PROBLEM: For the word "origin", return each line of the data in which it occurs.

──────

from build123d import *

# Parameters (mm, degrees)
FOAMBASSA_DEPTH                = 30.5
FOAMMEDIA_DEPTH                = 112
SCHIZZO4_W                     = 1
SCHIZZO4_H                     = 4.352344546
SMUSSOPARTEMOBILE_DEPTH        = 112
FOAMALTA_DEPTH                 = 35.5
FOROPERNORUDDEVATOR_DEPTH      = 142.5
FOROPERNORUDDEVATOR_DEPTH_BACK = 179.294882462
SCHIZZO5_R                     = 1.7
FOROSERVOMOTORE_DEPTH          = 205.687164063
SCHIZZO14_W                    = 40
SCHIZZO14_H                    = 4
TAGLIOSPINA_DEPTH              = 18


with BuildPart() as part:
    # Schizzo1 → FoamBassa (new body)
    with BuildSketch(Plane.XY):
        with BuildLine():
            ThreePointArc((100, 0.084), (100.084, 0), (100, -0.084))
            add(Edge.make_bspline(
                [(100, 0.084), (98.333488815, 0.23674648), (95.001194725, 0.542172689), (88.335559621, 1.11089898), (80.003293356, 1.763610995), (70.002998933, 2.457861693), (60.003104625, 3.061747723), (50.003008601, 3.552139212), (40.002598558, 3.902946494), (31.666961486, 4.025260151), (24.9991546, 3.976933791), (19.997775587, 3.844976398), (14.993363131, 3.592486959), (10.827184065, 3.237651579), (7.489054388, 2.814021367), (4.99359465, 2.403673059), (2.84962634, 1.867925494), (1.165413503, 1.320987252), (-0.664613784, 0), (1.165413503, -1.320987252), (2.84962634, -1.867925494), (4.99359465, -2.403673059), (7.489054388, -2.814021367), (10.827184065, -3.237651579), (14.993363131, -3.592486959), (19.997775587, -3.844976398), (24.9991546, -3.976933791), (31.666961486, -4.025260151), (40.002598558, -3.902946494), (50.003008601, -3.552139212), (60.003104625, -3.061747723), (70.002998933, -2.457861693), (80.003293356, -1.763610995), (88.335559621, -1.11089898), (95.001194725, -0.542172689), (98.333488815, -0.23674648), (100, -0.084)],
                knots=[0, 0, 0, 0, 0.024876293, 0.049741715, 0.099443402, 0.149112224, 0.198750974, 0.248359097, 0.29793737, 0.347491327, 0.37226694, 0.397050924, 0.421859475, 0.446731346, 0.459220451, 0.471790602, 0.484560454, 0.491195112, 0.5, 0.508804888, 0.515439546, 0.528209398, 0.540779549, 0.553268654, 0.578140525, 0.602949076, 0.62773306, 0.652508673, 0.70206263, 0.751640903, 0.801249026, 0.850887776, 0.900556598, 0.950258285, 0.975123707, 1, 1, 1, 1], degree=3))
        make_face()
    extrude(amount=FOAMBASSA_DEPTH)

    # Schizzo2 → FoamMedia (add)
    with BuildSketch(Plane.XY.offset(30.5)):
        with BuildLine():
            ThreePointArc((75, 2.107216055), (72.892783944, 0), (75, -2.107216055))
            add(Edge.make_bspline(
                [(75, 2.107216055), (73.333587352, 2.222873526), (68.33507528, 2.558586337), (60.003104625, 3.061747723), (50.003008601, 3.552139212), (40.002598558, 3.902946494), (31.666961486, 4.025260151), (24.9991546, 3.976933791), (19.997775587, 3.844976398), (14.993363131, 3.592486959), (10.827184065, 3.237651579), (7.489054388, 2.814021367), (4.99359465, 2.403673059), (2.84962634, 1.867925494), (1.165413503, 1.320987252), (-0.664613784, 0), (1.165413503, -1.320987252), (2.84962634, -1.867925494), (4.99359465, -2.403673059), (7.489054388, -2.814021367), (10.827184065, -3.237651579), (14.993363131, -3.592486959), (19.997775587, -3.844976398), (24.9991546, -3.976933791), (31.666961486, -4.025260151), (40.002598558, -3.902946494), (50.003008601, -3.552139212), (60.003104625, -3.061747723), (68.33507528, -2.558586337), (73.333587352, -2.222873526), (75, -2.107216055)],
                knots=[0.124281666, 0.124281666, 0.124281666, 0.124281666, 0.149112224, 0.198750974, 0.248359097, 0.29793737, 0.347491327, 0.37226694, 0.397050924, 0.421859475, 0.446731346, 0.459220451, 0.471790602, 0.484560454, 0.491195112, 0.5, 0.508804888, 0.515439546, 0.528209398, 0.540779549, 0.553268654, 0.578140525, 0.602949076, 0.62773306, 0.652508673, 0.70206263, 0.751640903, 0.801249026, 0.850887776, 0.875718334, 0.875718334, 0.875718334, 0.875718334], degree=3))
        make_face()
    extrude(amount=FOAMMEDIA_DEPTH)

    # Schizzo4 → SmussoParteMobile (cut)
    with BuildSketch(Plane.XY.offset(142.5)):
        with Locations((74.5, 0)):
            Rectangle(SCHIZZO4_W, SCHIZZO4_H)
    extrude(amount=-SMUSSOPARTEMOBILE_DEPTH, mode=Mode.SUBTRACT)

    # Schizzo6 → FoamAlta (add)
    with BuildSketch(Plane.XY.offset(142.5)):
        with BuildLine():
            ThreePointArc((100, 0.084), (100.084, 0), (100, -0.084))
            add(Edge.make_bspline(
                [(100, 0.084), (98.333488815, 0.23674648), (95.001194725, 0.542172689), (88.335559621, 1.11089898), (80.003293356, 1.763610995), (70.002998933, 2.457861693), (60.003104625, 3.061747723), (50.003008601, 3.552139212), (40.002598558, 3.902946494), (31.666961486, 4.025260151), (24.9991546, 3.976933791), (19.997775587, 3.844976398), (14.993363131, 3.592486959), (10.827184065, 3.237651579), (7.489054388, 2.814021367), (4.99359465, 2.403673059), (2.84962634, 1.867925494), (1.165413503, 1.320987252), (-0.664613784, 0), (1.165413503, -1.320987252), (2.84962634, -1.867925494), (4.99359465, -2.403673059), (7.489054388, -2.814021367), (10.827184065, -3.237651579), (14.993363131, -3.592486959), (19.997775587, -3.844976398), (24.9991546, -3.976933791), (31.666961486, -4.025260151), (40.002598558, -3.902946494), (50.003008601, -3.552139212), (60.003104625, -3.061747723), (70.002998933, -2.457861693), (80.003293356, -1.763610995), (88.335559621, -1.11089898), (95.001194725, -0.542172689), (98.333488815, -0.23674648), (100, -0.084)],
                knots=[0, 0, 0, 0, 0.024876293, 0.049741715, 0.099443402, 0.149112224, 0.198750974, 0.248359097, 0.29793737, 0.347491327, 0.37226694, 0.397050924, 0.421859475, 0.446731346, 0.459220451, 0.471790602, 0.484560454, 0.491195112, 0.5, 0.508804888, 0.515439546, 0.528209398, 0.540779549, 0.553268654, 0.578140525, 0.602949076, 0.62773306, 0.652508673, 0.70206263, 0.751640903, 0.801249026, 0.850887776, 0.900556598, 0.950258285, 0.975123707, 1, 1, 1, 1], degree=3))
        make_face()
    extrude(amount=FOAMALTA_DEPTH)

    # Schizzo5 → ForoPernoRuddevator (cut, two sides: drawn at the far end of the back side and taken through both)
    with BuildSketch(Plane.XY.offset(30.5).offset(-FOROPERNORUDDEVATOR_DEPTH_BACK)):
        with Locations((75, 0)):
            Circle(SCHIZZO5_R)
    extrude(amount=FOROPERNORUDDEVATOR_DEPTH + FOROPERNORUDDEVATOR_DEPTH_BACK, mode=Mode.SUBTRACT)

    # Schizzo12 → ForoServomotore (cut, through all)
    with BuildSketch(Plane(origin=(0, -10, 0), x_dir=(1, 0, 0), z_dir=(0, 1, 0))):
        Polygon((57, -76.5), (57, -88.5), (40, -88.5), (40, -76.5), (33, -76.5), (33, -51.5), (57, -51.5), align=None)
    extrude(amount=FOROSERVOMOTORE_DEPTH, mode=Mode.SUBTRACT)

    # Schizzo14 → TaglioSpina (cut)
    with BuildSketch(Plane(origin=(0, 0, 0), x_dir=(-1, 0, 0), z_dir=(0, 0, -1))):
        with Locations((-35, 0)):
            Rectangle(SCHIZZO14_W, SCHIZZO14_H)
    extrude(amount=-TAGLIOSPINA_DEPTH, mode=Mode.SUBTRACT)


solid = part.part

──────

RESULT OF THIS EXERCISE:
    with BuildSketch(Plane(origin=(0, -10, 0), x_dir=(1, 0, 0), z_dir=(0, 1, 0))):
    with BuildSketch(Plane(origin=(0, 0, 0), x_dir=(-1, 0, 0), z_dir=(0, 0, -1))):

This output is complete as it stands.